The example above is a slightly altered version taken from https://riptutorial.com/bash/example/8094/dynamic-scoping-in-action.

Liskov Substitution Principle

A type defines properties and ways to access and modify those properties. In OOP languages, this often comes in the form of methods which access and modify fields.

A subtype has to be valid in the same context the super type is valid. So, for example, passing a subtype to a function which expects the subtype's super type should still compile [3]. This assumes that at least all public properties and the public way to modify and access properties need to be present on a subtype. However, a subtype might choose to change the implementation detail of a method.

Inheritance is a way to "generate" subtypes by creating a type which inherits all the properties and methods from its parents. Since all properties are inherited, the subclass can be used in almost every context the super class is valid. However, there are some exceptions to this rule. For example, method parameters are contravariant, meaning when overriding a method the parameter type may be substituted by its super type, but not its subtype. [4]

The Liskov substitution principle states that the functionality of code should be unchanged if an instance passed to that code is a subtype of the required type.

A counter example of a structure which violates the Liskov substitution principle is how Java implements read-only lists. In Java, a read-only list can be created with the method <T> List<T> Collection.unmodifiableList(List<T> inputList), which will return a read-only list for the given inputList. The returned list must be a subtype of List<T> since Collection.unmodifiableList(...) returns a List<T> object.

/** deletes all elements in the given list */
void deleteAll(List<String> list) {
    list.clear();
}

The code above defines a method which takes a list of strings and deletes all elements in the list by calling the List.clear() method. This code works great, assuming that the given list can be modified. But if the argument is an unmodifiable list, then List.clear() will throw an UnsupportedOperationException [5].

List<String> readOnlyList = Collections.unmodifiableList(someList);
deleteAll(readOnlyList); // clear() will throw an UnsupportedOperationException

So when using the read-only subtype of List<T>, the deleteAll method breaks. In this case, this is because List<T> defines methods which modify the list (like add(...) or clear()). However, a read-only implementation of List<T> cannot possibly support these methods.

An example which shows how to implement a read-only list which follows the Liskov substitution principle can be seen in C#.

classDiagram
class IReadOnlyList~T~ 

class IList~T~ 

IList --|> IReadOnlyList

In the C# world, an IList, the base interface for lists, implements the IReadOnlyList interface. Meaning that IList is a subtype of IReadOnlyList, where in the Java world, a read-only list inherits from a List.

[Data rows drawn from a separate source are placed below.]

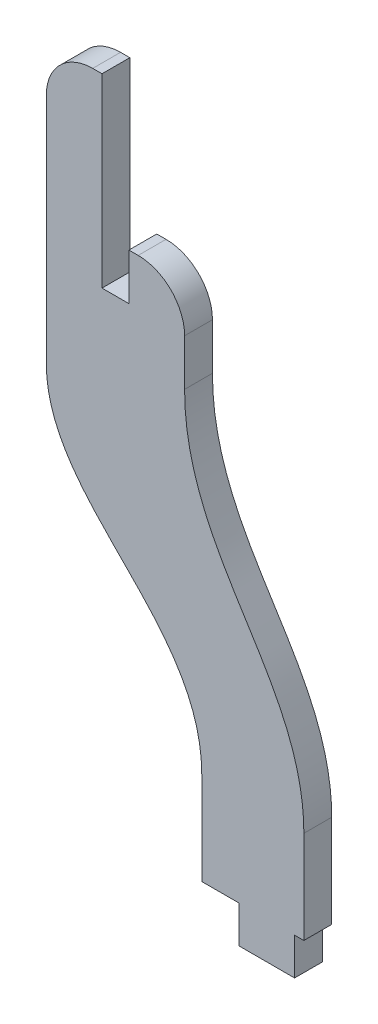
ISO-10303-21;
HEADER;
FILE_DESCRIPTION(('STEP AP214'),'2;1');
FILE_NAME('part.step','',(''),(''),'','','');
FILE_SCHEMA(('AUTOMOTIVE_DESIGN { 1 0 10303 214 1 1 1 1 }'));
ENDSEC;
DATA;
#1=APPLICATION_CONTEXT('core data for automotive mechanical design processes');
#2=APPLICATION_PROTOCOL_DEFINITION('international standard','automotive_design',2000,#1);
#3=PRODUCT_CONTEXT('',#1,'mechanical');
#4=PRODUCT('Part','Part','',(#3));
#5=PRODUCT_RELATED_PRODUCT_CATEGORY('part','',(#4));
#6=PRODUCT_DEFINITION_FORMATION('','',#4);
#7=PRODUCT_DEFINITION_CONTEXT('part definition',#1,'design');
#8=PRODUCT_DEFINITION('design','',#6,#7);
#9=PRODUCT_DEFINITION_SHAPE('','',#8);
#10=(LENGTH_UNIT() NAMED_UNIT(*) SI_UNIT(.MILLI.,.METRE.));
#11=(NAMED_UNIT(*) PLANE_ANGLE_UNIT() SI_UNIT($,.RADIAN.));
#12=(NAMED_UNIT(*) SI_UNIT($,.STERADIAN.) SOLID_ANGLE_UNIT());
#13=UNCERTAINTY_MEASURE_WITH_UNIT(LENGTH_MEASURE(1.E-05),#10,'distance_accuracy_value','');
#14=(GEOMETRIC_REPRESENTATION_CONTEXT(3) GLOBAL_UNCERTAINTY_ASSIGNED_CONTEXT((#13)) GLOBAL_UNIT_ASSIGNED_CONTEXT((#10,
#11,#12)) REPRESENTATION_CONTEXT('',''));
#15=CARTESIAN_POINT('',(0.,0.,0.));
#16=DIRECTION('',(0.,0.,1.));
#17=DIRECTION('',(1.,0.,0.));
#18=AXIS2_PLACEMENT_3D('',#15,#16,#17);
#19=CARTESIAN_POINT('',(-1.,0.,3.));
#20=DIRECTION('',(1.,0.,0.));
#21=DIRECTION('',(0.,1.,0.));
#22=AXIS2_PLACEMENT_3D('',#19,#20,#21);
#23=PLANE('',#22);
#24=DIRECTION('',(0.,-1.,0.));
#25=VECTOR('',#24,1.);
#26=CARTESIAN_POINT('',(-1.,0.,0.));
#27=LINE('',#26,#25);
#28=CARTESIAN_POINT('',(-1.,0.,0.));
#29=VERTEX_POINT('',#28);
#30=CARTESIAN_POINT('',(-1.,-4.,0.));
#31=VERTEX_POINT('',#30);
#32=EDGE_CURVE('E164',#29,#31,#27,.T.);
#33=ORIENTED_EDGE('',*,*,#32,.F.);
#34=DIRECTION('',(0.,0.,-1.));
#35=VECTOR('',#34,1.);
#36=CARTESIAN_POINT('',(-1.,0.,3.));
#37=LINE('',#36,#35);
#38=CARTESIAN_POINT('',(-1.,0.,3.));
#39=VERTEX_POINT('',#38);
#40=EDGE_CURVE('E159',#39,#29,#37,.T.);
#41=ORIENTED_EDGE('',*,*,#40,.F.);
#42=DIRECTION('',(0.,-1.,0.));
#43=VECTOR('',#42,1.);
#44=CARTESIAN_POINT('',(-1.,0.,3.));
#45=LINE('',#44,#43);
#46=CARTESIAN_POINT('',(-1.,-4.,3.));
#47=VERTEX_POINT('',#46);
#48=EDGE_CURVE('E161',#39,#47,#45,.T.);
#49=ORIENTED_EDGE('',*,*,#48,.T.);
#50=DIRECTION('',(0.,0.,-1.));
#51=VECTOR('',#50,1.);
#52=CARTESIAN_POINT('',(-1.,-4.,3.));
#53=LINE('',#52,#51);
#54=EDGE_CURVE('E207',#47,#31,#53,.T.);
#55=ORIENTED_EDGE('',*,*,#54,.T.);
#56=EDGE_LOOP('',(#33,#41,#49,#55));
#57=FACE_BOUND('',#56,.T.);
#58=ADVANCED_FACE('F34',(#57),#23,.T.);
#59=CARTESIAN_POINT('',(0.,0.,3.));
#60=DIRECTION('',(0.,-1.,0.));
#61=DIRECTION('',(1.,0.,0.));
#62=AXIS2_PLACEMENT_3D('',#59,#60,#61);
#63=PLANE('',#62);
#64=DIRECTION('',(-1.,0.,0.));
#65=VECTOR('',#64,1.);
#66=CARTESIAN_POINT('',(0.,0.,0.));
#67=LINE('',#66,#65);
#68=CARTESIAN_POINT('',(0.,0.,0.));
#69=VERTEX_POINT('',#68);
#70=EDGE_CURVE('E209',#69,#29,#67,.T.);
#71=ORIENTED_EDGE('',*,*,#70,.F.);
#72=DIRECTION('',(0.,0.,-1.));
#73=VECTOR('',#72,1.);
#74=CARTESIAN_POINT('',(0.,0.,3.));
#75=LINE('',#74,#73);
#76=CARTESIAN_POINT('',(0.,0.,3.));
#77=VERTEX_POINT('',#76);
#78=EDGE_CURVE('E170',#77,#69,#75,.T.);
#79=ORIENTED_EDGE('',*,*,#78,.F.);
#80=DIRECTION('',(-1.,0.,0.));
#81=VECTOR('',#80,1.);
#82=CARTESIAN_POINT('',(0.,0.,3.));
#83=LINE('',#82,#81);
#84=EDGE_CURVE('E175',#77,#39,#83,.T.);
#85=ORIENTED_EDGE('',*,*,#84,.T.);
#86=ORIENTED_EDGE('',*,*,#40,.T.);
#87=EDGE_LOOP('',(#71,#79,#85,#86));
#88=FACE_BOUND('',#87,.T.);
#89=ADVANCED_FACE('F180',(#88),#63,.T.);
#90=CARTESIAN_POINT('',(0.,0.,3.));
#91=DIRECTION('',(-1.,0.,0.));
#92=DIRECTION('',(0.,0.,1.));
#93=AXIS2_PLACEMENT_3D('',#90,#91,#92);
#94=PLANE('',#93);
#95=DIRECTION('',(0.,1.,0.));
#96=VECTOR('',#95,1.);
#97=CARTESIAN_POINT('',(0.,0.,0.));
#98=LINE('',#97,#96);
#99=CARTESIAN_POINT('',(0.,10.,0.));
#100=VERTEX_POINT('',#99);
#101=EDGE_CURVE('E211',#69,#100,#98,.T.);
#102=ORIENTED_EDGE('',*,*,#101,.T.);
#103=DIRECTION('',(0.,0.,-1.));
#104=VECTOR('',#103,1.);
#105=CARTESIAN_POINT('',(0.,10.,3.));
#106=LINE('',#105,#104);
#107=CARTESIAN_POINT('',(0.,10.,3.));
#108=VERTEX_POINT('',#107);
#109=EDGE_CURVE('E280',#108,#100,#106,.T.);
#110=ORIENTED_EDGE('',*,*,#109,.F.);
#111=DIRECTION('',(0.,1.,0.));
#112=VECTOR('',#111,1.);
#113=CARTESIAN_POINT('',(0.,0.,3.));
#114=LINE('',#113,#112);
#115=EDGE_CURVE('E182',#77,#108,#114,.T.);
#116=ORIENTED_EDGE('',*,*,#115,.F.);
#117=ORIENTED_EDGE('',*,*,#78,.T.);
#118=EDGE_LOOP('',(#102,#110,#116,#117));
#119=FACE_BOUND('',#118,.T.);
#120=ADVANCED_FACE('F336',(#119),#94,.F.);
#121=CARTESIAN_POINT('',(-12.85,45.,3.));
#122=CARTESIAN_POINT('',(-12.85,29.8683433735972,3.));
#123=CARTESIAN_POINT('',(0.,23.9494723118037,3.));
#124=CARTESIAN_POINT('',(0.,10.,3.));
#125=B_SPLINE_CURVE_WITH_KNOTS('',3,(#121,#122,#123,#124),.UNSPECIFIED.,.F.,.F.,(4,4),(0.,1.),.UNSPECIFIED.);
#126=DIRECTION('',(0.,0.,-1.));
#127=VECTOR('',#126,1.);
#128=SURFACE_OF_LINEAR_EXTRUSION('',#125,#127);
#129=CARTESIAN_POINT('',(-12.85,45.,0.));
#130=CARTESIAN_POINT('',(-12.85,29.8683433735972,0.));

Because of this structure, the equivalent code in C# wouldn't even compile.

void DeleteAll(List<string> list) 
{
    list.Clear();
}

IReadOnlyList<string> readOnlyList = ...
DeleteAll(readOnlyList); // this isn't valid, since IReadOnlyList isn't a subtype of List

Stack and Heap

During the lifetime of a program, memory is allocated in multiple location, including the stack and the heap.

A stack is a first-in-last-out collection, meaning that the first element pushed on to the stack will be the last to be popped. Because of this property, the stack is used for local variables and the return address.

When a function is invoked, a new stack frame is pushed on the stack. A frame contains space for local variables and the return address. When a function returns, the top most stack frame will correspond to that function. The CPU uses the return address to know where to jump back to. Additionally, since the stack frame contains local variables, these variables are automatically cleaned up when popping a stack frame. [6]

The frames with their return address and local data can be seen in the following image.

(Image is from https://commons.wikimedia.org/wiki/File:ProgramCallStack2_en.png)

The heap is a "place" in memory, where data which needs to be independent of the current function being invoked. It is separate from the stack and is not affected by function invocation and function returning. Usually, long living objects and objects which are pointed to by a pointer or reference are stored on the heap, as these object should be deallocated when a function exists.

For example, an object managing a DB connection would (probably) be stored on the heap, since it will live for most of the execution of the program and will have multiple pointers pointing to it.

Which variables are stored on the heap and which are stored on the stack is also dependent on the language implementation. For example, Java always allocates objects on the heap, while a C or C++ programmer can choose to allocate a struct on the stack.

If something is stored on the heap, there is typically a pointer on the stack pointing to the location on the heap.

One important caveat with languages with manual memory management is, that if a local variable is returned or otherwise accessible after a function returned, it has to be allocated on the heap or moved to the heap. Otherwise, it would be cleaned up after the function returns and pointers to that object could point to random data.

Reference Counting

Reference counting is a technique where each time a new reference is made, a counter is incremented and each time a reference goes out of scope (or is otherwise deallocated) the counter is decremented. When the counter hits zero, the object is not reachable anymore and can be safely deallocated. [7]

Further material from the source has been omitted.